Work required: What you return should be the line containing "line L9 (5, -0.5) -> (6.5, -0.5)" and each line after it to the end of the records, copied exactly.

Task data:
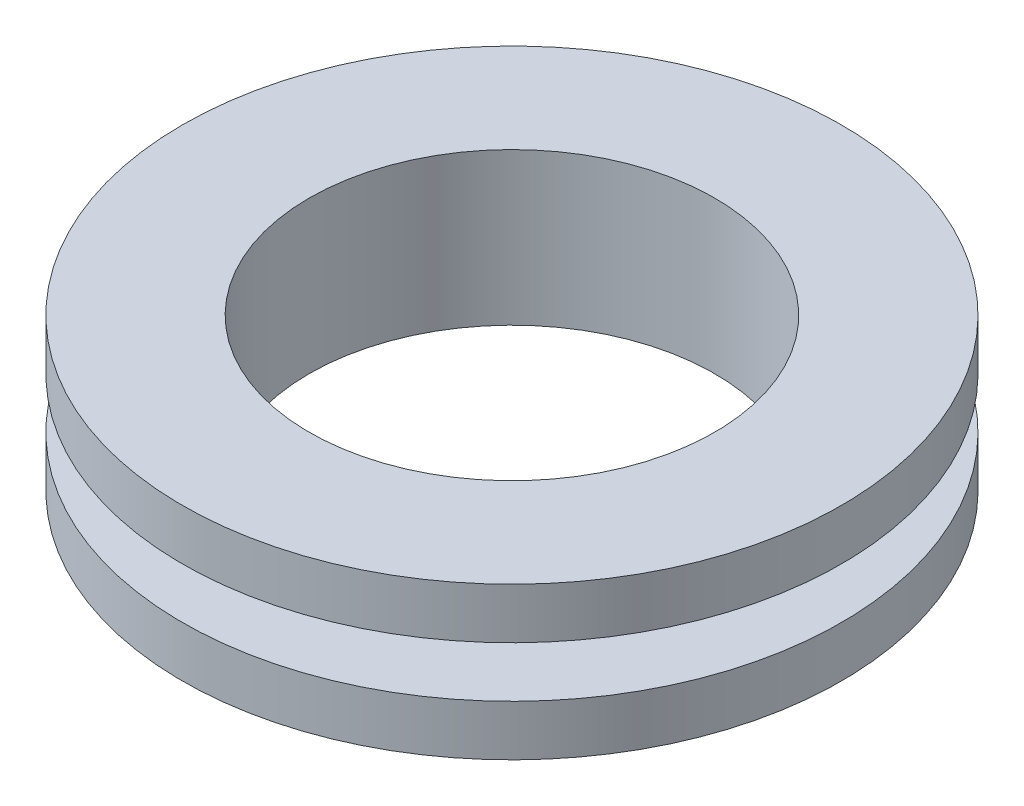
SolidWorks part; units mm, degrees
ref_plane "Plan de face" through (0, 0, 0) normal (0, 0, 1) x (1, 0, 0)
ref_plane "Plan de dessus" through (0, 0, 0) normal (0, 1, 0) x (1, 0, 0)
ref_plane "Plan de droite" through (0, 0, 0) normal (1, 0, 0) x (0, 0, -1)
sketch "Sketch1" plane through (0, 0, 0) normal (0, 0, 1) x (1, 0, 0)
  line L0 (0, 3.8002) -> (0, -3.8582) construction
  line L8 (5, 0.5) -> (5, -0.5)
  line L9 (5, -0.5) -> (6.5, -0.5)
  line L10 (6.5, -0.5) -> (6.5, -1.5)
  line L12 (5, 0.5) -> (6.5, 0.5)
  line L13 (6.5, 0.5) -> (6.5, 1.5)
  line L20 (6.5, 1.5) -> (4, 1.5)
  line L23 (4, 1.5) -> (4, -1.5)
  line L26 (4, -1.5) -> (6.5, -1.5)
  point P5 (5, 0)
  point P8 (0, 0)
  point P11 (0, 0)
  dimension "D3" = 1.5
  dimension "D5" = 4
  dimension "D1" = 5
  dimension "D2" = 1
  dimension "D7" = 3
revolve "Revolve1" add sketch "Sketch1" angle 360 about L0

Your response:
  line L9 (5, -0.5) -> (6.5, -0.5)
  line L10 (6.5, -0.5) -> (6.5, -1.5)
  line L12 (5, 0.5) -> (6.5, 0.5)
  line L13 (6.5, 0.5) -> (6.5, 1.5)
  line L20 (6.5, 1.5) -> (4, 1.5)
  line L23 (4, 1.5) -> (4, -1.5)
  line L26 (4, -1.5) -> (6.5, -1.5)
  point P5 (5, 0)
  point P8 (0, 0)
  point P11 (0, 0)
  dimension "D3" = 1.5
  dimension "D5" = 4
  dimension "D1" = 5
  dimension "D2" = 1
  dimension "D7" = 3
revolve "Revolve1" add sketch "Sketch1" angle 360 about L0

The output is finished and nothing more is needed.